Inverse trigonometric functions are functions that reverse the action of the standard trigonometric functions such as sine, cosine, and tangent. For instance, while the cosine function takes an angle and gives you its cosine value, the inverse cosine function, denoted as \( \cos^{-1}(x) \), does the opposite. It takes a cosine value and provides the corresponding angle.These functions are important when you need to solve equations involving trigonometric functions because they allow you to determine the angles. However, they have specific domains and ranges:

• For \( \cos^{-1}(x) \), the domain is \([-1, 1]\), and the range is \([0, \pi]\).
• Each inverse trigonometric function has a derivative, which is useful for calculus.

Understanding how these derivatives work is vital for finding rates of change, as we saw in the exercise. In this case, the derivative of \( \cos^{-1}(x) \) is essential when applying the chain rule.

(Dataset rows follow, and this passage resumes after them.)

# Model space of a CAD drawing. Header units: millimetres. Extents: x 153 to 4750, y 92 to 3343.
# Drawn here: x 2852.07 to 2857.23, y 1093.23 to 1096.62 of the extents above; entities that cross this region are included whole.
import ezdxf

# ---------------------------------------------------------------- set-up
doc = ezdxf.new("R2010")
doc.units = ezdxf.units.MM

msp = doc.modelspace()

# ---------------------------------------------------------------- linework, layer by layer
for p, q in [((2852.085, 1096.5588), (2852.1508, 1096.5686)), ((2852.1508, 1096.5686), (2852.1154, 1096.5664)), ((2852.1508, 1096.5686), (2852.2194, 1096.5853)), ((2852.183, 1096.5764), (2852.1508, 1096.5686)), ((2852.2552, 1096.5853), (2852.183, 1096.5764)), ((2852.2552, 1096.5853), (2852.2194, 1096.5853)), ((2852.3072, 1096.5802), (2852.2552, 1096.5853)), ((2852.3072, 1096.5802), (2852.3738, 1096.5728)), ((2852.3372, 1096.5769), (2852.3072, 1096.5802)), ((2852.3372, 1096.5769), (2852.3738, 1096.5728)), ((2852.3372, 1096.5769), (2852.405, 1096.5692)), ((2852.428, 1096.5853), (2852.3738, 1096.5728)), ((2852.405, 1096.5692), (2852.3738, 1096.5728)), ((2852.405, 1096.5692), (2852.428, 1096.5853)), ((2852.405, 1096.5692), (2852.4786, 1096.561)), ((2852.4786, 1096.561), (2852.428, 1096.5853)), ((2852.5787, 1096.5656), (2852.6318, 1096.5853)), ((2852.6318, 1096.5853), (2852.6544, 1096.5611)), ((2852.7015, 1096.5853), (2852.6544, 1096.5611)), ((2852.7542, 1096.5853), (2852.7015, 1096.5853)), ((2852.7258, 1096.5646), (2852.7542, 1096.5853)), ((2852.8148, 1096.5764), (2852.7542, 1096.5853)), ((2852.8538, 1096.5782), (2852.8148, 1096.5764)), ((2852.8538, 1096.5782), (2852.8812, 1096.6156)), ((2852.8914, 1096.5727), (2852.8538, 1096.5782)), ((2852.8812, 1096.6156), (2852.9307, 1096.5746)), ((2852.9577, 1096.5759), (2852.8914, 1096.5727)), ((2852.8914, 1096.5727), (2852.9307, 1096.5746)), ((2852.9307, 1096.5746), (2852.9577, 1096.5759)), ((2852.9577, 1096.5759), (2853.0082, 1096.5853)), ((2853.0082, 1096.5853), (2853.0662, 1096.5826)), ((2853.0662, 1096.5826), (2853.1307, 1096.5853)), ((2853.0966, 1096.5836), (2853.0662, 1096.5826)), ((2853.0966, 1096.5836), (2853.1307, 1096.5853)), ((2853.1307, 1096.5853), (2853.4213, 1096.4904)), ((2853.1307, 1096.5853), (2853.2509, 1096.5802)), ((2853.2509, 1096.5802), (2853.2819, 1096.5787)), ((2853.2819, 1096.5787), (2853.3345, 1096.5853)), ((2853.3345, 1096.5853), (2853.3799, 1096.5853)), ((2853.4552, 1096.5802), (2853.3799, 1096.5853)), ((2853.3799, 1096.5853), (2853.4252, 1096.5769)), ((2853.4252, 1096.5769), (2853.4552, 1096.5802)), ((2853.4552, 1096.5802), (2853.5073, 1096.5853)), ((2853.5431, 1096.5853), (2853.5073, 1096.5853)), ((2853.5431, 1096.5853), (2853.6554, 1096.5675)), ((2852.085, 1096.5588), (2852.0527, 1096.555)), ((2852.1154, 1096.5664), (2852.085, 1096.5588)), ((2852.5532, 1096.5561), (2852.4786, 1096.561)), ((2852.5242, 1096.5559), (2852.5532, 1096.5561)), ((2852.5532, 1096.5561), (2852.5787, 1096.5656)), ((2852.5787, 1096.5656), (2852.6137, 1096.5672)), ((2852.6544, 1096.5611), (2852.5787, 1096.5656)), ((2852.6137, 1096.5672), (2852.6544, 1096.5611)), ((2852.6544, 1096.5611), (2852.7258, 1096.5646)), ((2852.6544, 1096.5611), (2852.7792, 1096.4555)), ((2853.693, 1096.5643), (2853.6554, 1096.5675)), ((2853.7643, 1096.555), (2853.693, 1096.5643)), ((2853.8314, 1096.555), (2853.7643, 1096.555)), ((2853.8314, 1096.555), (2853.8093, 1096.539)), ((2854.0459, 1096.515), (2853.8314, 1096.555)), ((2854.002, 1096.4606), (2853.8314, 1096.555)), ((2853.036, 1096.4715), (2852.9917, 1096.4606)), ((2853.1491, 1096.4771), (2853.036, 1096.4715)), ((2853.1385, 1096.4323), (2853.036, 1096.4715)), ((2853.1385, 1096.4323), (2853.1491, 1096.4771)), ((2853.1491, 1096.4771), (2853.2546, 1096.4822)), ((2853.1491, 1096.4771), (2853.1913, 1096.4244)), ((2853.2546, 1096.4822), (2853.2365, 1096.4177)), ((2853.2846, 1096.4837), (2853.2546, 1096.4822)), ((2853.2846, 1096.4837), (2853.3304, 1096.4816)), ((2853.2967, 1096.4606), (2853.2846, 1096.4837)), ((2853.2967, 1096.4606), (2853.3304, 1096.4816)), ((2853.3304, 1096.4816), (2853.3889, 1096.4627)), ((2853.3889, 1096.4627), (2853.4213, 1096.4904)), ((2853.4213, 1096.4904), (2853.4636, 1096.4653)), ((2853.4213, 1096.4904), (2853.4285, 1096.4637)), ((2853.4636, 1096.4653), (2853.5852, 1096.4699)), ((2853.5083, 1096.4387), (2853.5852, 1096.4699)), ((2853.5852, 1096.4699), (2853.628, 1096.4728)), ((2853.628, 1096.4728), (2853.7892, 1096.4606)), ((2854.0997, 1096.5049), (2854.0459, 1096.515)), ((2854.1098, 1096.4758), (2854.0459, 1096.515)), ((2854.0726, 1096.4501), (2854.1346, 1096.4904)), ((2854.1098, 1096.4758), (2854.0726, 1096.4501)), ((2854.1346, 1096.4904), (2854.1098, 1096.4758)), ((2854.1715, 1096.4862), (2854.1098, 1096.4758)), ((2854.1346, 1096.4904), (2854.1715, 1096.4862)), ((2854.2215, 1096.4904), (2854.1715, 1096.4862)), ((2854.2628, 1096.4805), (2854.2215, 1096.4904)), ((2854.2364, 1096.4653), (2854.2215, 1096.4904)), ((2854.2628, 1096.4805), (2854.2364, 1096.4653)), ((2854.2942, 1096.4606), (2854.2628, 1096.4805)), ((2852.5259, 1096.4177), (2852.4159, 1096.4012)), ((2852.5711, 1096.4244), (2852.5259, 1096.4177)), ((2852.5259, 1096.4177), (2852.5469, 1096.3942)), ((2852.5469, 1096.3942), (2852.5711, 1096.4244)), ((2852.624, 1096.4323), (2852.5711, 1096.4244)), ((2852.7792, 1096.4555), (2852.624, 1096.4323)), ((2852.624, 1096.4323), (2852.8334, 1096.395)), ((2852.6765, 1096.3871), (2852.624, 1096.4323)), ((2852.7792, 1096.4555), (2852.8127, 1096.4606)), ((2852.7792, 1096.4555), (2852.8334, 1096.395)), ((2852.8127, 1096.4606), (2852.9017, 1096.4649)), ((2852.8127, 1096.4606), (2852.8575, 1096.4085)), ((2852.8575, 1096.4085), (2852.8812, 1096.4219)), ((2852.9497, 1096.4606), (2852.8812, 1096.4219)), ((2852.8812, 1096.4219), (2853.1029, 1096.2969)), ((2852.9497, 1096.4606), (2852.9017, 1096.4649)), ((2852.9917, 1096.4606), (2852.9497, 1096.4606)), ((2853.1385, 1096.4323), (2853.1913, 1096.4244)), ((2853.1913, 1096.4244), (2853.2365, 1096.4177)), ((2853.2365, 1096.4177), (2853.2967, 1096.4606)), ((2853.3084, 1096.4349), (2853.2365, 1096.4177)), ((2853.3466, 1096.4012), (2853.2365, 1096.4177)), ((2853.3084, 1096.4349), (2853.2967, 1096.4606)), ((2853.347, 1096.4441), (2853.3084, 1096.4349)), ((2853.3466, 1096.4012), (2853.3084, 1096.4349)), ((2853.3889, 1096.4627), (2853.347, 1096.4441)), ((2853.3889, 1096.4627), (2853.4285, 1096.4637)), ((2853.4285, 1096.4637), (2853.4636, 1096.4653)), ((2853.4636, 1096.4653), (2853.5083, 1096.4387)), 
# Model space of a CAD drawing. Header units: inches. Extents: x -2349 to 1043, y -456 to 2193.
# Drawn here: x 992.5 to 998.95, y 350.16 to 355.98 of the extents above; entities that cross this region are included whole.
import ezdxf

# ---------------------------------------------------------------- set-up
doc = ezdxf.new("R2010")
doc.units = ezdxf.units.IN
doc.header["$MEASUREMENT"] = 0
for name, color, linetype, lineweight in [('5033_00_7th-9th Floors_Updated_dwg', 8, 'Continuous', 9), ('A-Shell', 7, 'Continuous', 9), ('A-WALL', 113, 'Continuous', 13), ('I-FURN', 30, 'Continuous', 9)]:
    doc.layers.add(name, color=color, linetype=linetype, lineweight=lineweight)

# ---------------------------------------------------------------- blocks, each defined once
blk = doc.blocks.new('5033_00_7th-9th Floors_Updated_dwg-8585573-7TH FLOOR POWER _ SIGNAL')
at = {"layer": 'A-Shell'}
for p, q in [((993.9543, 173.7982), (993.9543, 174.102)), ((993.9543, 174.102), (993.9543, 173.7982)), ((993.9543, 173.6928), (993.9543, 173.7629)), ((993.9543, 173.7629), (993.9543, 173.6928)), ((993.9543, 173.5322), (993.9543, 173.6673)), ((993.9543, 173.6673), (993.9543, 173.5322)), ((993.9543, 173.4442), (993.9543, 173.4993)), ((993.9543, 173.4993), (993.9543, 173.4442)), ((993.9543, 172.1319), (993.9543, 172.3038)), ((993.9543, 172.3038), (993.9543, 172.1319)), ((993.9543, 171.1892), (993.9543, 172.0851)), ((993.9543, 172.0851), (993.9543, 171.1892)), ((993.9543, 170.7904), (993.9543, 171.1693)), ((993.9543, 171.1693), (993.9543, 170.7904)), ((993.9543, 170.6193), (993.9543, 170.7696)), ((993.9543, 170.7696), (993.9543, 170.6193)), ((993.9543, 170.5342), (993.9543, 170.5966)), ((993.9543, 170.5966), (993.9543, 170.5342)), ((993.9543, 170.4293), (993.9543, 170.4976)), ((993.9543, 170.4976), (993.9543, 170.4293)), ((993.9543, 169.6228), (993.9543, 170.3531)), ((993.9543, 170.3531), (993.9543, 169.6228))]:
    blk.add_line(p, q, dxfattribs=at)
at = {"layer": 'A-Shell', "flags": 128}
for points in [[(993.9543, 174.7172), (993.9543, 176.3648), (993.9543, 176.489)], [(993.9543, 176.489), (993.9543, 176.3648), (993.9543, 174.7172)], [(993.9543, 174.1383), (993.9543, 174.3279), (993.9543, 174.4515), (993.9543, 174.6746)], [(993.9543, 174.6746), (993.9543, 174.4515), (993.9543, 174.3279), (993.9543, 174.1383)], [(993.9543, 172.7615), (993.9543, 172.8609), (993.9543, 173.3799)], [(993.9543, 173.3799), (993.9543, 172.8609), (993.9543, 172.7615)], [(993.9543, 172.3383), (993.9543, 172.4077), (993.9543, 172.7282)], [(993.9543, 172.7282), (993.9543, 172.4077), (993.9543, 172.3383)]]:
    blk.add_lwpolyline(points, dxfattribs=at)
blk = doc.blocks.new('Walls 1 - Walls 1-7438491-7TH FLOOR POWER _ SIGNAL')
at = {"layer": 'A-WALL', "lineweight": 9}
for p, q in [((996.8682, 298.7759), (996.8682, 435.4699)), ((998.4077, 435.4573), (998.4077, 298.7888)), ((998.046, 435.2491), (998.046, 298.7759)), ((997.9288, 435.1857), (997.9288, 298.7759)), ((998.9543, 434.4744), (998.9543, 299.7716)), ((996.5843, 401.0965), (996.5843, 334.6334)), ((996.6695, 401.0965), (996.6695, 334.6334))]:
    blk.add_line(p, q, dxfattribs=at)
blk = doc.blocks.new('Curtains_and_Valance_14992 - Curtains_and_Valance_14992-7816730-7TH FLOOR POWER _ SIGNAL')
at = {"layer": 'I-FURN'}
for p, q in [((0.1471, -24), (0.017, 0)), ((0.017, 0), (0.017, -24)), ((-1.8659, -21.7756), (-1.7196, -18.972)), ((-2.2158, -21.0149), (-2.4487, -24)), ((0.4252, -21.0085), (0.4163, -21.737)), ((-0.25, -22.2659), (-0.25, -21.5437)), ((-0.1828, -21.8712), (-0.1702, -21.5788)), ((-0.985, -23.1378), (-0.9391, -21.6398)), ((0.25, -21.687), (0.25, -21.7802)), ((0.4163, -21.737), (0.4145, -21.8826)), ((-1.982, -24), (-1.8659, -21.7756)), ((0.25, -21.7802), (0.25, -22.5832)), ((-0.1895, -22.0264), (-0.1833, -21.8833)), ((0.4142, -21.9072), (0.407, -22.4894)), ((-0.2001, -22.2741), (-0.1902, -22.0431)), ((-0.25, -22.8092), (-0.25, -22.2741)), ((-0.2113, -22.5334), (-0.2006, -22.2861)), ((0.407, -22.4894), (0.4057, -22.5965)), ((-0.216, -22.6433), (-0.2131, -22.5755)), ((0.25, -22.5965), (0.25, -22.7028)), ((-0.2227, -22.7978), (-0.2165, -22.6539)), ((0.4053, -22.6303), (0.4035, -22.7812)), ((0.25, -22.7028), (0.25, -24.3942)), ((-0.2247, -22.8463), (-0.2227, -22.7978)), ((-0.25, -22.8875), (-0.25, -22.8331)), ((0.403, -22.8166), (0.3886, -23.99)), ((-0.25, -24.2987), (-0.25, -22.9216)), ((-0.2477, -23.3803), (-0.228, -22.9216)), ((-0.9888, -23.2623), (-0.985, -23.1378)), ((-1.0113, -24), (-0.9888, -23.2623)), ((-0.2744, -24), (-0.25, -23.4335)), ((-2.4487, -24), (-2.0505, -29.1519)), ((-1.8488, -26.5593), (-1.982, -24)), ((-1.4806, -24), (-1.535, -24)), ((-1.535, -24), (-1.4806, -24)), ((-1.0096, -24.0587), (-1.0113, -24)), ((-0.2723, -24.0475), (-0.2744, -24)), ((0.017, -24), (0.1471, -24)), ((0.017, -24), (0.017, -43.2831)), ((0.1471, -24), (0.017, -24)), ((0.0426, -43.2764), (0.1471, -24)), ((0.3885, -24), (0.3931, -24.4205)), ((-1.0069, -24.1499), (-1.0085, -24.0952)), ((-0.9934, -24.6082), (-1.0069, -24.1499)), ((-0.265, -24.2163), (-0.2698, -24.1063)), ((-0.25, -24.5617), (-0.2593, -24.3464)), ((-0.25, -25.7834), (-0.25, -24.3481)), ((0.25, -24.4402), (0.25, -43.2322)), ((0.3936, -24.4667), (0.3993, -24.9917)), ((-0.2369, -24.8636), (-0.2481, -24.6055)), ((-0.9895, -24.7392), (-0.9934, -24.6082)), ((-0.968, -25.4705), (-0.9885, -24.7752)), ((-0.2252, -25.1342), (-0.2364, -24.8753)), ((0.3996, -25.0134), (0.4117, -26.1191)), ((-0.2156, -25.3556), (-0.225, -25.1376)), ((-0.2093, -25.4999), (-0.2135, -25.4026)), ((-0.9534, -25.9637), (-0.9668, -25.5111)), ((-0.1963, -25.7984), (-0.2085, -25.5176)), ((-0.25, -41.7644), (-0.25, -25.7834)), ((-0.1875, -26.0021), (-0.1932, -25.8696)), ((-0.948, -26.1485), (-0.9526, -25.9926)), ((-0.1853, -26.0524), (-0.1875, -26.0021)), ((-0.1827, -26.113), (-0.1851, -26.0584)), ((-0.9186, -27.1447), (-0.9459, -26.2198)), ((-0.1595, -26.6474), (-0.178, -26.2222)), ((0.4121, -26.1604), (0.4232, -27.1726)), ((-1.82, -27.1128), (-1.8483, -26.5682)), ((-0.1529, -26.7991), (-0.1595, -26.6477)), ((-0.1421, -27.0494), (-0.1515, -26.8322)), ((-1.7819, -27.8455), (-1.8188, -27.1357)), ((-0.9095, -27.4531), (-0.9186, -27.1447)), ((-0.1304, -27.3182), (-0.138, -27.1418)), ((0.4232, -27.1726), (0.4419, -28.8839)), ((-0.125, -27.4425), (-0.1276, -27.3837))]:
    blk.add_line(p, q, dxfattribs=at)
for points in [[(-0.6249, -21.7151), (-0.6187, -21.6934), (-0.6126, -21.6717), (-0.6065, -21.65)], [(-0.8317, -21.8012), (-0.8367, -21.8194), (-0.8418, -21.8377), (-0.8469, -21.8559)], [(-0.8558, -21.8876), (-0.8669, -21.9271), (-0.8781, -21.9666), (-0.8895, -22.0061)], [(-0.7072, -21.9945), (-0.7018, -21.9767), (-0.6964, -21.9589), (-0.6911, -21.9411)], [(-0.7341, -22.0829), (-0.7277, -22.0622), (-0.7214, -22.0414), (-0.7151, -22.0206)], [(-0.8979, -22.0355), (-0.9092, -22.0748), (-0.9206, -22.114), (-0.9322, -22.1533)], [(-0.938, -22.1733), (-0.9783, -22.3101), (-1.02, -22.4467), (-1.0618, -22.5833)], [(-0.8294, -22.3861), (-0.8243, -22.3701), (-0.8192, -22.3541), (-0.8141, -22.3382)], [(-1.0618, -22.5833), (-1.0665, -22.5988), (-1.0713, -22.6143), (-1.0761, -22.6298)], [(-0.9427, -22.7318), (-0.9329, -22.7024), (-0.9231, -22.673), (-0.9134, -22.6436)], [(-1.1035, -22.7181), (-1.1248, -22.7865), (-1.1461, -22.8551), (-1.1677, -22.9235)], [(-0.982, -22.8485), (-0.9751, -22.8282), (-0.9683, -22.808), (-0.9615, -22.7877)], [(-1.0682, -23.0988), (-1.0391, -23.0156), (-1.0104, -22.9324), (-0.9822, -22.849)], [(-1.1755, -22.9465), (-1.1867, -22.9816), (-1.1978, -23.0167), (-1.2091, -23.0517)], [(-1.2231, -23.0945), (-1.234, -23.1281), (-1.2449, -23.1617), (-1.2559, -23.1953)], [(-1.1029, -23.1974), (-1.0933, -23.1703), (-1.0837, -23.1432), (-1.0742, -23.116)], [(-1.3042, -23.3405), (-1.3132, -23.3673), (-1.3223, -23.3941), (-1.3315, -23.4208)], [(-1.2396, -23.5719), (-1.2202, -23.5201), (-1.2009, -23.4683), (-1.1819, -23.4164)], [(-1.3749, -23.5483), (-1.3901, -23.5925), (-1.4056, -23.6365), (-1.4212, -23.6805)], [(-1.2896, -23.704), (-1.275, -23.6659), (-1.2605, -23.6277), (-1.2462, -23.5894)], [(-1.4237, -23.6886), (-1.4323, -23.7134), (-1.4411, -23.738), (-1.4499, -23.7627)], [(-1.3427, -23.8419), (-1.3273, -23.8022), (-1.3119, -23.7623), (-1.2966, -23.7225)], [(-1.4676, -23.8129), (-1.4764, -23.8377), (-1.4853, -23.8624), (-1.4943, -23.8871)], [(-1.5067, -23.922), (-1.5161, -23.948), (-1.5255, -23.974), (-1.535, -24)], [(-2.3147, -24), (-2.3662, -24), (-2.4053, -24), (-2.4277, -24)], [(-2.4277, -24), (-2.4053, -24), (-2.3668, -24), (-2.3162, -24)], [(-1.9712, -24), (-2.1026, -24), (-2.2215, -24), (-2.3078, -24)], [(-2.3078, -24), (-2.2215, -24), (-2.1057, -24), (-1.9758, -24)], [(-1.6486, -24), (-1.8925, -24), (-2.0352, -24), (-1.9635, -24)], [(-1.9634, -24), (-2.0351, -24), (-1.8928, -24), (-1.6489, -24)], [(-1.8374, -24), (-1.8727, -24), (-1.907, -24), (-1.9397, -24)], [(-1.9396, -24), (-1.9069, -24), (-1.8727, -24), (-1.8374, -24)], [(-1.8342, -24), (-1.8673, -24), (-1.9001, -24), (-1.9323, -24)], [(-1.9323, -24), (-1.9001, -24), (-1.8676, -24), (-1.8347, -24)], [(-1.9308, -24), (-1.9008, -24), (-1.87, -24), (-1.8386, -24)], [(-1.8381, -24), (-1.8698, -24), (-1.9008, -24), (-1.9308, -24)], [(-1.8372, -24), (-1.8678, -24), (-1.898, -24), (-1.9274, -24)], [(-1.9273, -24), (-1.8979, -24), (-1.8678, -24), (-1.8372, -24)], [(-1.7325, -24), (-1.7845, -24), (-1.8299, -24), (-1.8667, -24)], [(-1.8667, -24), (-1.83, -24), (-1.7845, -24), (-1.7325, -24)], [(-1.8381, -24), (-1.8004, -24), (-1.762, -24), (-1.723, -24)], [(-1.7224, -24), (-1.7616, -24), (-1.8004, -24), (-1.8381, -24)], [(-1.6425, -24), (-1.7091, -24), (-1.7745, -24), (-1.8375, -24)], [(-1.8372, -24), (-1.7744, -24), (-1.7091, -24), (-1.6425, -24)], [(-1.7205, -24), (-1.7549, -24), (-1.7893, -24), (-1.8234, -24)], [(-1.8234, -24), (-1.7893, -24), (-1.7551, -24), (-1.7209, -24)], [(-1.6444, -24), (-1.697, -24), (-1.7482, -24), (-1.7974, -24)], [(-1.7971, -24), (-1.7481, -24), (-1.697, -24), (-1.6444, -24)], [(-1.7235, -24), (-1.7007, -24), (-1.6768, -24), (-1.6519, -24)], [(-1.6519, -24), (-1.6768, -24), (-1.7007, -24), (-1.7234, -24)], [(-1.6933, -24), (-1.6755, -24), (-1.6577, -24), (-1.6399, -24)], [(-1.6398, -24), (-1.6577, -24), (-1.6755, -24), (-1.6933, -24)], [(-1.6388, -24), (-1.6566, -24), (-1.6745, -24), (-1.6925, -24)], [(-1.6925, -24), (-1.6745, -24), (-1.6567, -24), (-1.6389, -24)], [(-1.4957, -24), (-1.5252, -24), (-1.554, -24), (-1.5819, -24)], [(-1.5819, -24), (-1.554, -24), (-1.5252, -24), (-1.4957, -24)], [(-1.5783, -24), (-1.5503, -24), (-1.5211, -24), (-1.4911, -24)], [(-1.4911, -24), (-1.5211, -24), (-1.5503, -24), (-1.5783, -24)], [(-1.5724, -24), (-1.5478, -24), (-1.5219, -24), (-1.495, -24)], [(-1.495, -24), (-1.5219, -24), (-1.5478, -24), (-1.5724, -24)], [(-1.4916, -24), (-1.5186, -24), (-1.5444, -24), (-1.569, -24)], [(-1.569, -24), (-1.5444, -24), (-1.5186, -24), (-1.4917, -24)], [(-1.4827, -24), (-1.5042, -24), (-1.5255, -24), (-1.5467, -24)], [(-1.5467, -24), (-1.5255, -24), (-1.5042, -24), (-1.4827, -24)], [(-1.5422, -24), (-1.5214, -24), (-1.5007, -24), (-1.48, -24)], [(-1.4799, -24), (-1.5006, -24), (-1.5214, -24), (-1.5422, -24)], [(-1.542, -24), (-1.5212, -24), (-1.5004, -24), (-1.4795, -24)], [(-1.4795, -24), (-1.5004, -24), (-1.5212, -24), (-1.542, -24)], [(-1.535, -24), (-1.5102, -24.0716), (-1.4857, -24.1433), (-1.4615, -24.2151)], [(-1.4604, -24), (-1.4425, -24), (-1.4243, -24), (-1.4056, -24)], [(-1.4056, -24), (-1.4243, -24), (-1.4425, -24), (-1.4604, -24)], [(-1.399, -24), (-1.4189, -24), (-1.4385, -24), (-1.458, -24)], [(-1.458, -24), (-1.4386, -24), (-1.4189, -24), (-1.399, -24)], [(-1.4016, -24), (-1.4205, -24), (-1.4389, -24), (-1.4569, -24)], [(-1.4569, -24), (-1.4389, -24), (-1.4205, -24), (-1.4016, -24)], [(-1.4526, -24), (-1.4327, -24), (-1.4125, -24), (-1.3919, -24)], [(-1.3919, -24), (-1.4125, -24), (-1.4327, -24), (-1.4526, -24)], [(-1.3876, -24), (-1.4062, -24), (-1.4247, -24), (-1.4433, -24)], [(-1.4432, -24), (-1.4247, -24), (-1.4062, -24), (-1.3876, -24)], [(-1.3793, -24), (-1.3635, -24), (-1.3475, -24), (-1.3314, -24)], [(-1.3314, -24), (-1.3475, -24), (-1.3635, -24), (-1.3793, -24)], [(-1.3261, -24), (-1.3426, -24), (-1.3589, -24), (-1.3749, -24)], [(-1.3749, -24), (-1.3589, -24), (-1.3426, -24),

Logarithmic differentiation is a technique utilized to simplify the differentiation process, especially when dealing with complex functions. It can often make the process much easier by transforming multiplicative relationships into additive ones through the use of logarithms.Here's how it generally works:

• First, you take the natural logarithm of both sides of the equation, if applicable.
• The properties of logarithms, such as \( \ln(ab) = \ln(a) + \ln(b) \), help to break down the function.

In the context of the exercise, we had \( y = \ln(\cos^{-1}(x)) \). Although we directly differentiated \( \ln(\cos^{-1}(x)) \), logarithmic differentiation helps handle complex expressions inside a log function, changing the way we approach the problem and making the differentiation process clearer.The core idea is to transform difficulties into manageable pieces. Often, logarithmic differentiation provides the clarity needed for intricate problems.

Derivatives are a fundamental concept in calculus, representing the rate at which a quantity changes. In simpler terms, they can be thought of as the slope of a function at a particular point.Calculating derivatives can be straightforward or complicated, depending on the function. For instance, with basic power functions like \( x^2 \), you apply simple rules. However, for composite functions such as \( \ln(\cos^{-1}(x)) \), we use more advanced techniques like the chain rule:

• The chain rule is used when differentiating composed functions, where you differentiate the outer function and then the inner function.
• In our example, \( y = \ln(\cos^{-1}(x)) \), we start by differentiating \( \ln(u) \) which is \( \frac{1}{u} \), and we use \( u = \cos^{-1}(x) \).
• We then find the derivative of \( \cos^{-1}(x) \) and chain them together.

This process resulted in the combined derivative, leading to our final function derivative outcome. Through derivative calculations, we gain insights into how functions behave and change, which is fundamental in understanding motion, growth, and many other phenomena.